---------- Data shown

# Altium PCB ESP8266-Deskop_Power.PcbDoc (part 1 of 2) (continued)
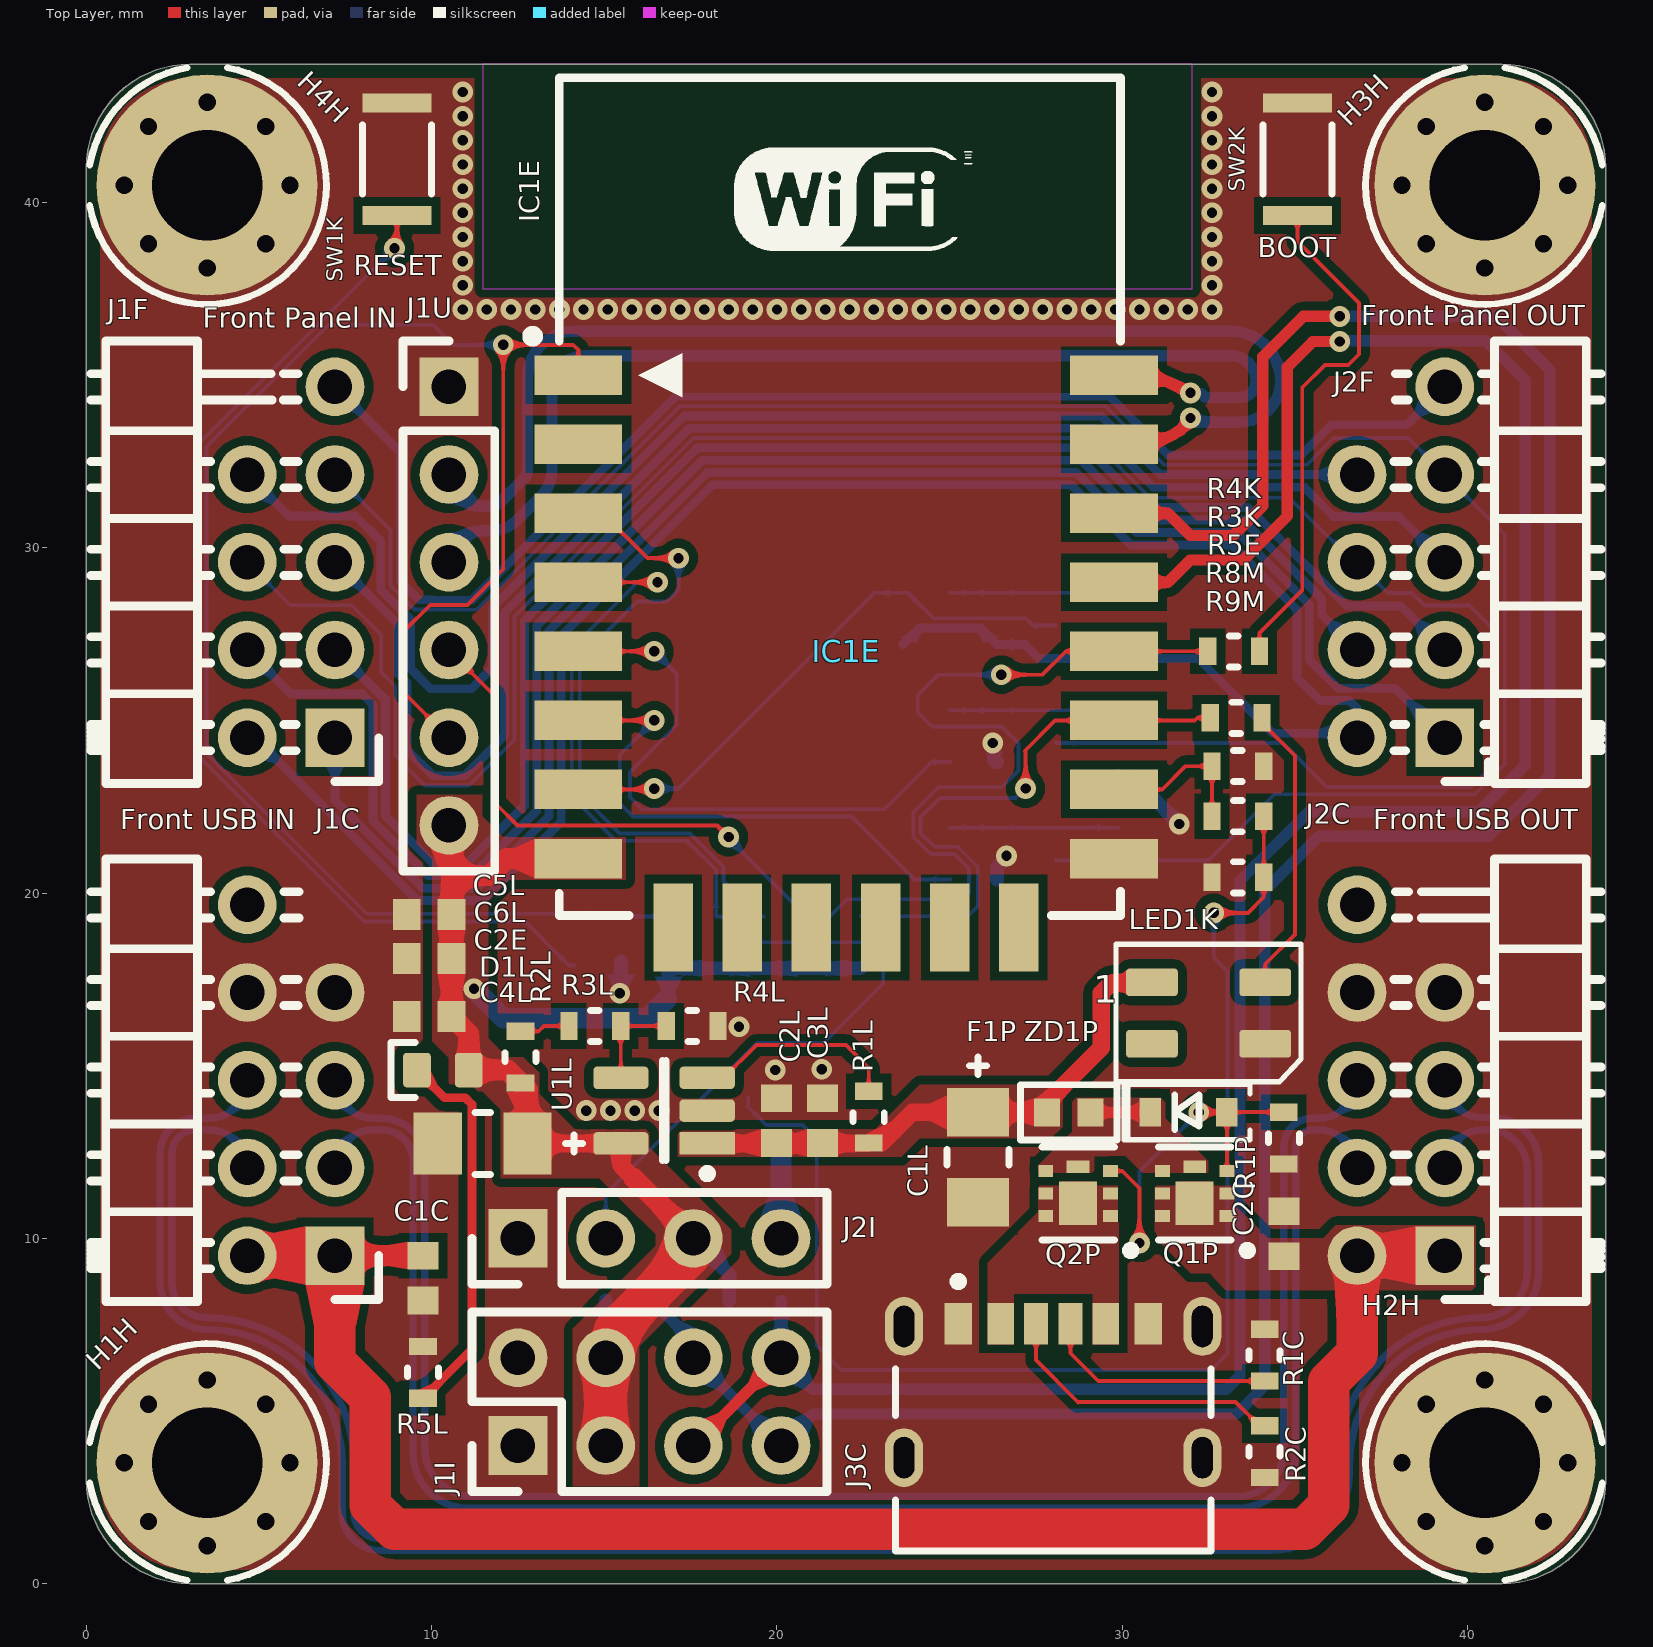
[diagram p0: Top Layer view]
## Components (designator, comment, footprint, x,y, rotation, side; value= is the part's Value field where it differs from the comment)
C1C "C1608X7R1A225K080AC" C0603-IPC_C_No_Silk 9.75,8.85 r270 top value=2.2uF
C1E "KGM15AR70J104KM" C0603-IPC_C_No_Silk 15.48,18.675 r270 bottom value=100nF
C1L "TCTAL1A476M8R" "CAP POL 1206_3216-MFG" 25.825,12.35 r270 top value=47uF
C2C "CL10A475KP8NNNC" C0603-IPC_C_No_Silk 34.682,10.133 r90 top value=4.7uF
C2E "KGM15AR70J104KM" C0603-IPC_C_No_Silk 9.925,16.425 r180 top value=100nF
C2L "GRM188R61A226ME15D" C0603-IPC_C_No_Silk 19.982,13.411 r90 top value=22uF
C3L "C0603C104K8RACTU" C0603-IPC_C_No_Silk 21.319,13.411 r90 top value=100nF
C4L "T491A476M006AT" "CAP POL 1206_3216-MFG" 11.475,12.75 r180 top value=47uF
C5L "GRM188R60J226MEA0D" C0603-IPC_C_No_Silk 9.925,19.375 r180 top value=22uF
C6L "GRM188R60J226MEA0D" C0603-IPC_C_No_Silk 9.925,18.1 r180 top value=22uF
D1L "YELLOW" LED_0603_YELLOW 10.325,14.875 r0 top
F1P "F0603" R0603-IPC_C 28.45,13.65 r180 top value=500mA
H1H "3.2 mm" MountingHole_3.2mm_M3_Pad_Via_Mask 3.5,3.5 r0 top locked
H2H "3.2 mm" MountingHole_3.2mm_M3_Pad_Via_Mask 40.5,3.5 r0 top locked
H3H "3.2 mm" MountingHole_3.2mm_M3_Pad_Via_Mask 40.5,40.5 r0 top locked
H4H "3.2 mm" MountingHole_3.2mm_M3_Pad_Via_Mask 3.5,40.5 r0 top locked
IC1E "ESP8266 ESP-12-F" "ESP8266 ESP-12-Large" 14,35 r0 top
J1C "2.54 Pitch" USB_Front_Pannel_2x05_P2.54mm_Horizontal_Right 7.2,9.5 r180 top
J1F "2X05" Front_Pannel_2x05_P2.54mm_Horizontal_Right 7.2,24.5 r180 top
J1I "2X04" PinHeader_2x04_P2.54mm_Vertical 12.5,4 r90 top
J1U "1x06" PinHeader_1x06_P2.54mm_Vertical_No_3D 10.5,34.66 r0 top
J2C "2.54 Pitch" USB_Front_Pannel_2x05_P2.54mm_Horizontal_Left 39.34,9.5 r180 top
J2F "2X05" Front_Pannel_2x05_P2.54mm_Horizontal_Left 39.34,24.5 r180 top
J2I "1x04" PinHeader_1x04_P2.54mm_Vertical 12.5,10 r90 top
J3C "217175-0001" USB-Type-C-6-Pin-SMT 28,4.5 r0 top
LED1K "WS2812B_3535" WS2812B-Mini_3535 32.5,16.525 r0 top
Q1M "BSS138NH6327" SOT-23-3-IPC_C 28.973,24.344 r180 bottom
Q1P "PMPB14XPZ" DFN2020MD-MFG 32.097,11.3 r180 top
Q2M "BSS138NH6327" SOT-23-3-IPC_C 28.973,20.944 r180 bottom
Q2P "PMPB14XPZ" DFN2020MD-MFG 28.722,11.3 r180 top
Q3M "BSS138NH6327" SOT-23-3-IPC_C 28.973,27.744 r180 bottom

--------------------

About this task: Wherever "locked" occurs in the records above, copy the line it sits in.

Answer to the exercise:
H1H "3.2 mm" MountingHole_3.2mm_M3_Pad_Via_Mask 3.5,3.5 r0 top locked
H2H "3.2 mm" MountingHole_3.2mm_M3_Pad_Via_Mask 40.5,3.5 r0 top locked
H3H "3.2 mm" MountingHole_3.2mm_M3_Pad_Via_Mask 40.5,40.5 r0 top locked
H4H "3.2 mm" MountingHole_3.2mm_M3_Pad_Via_Mask 3.5,40.5 r0 top locked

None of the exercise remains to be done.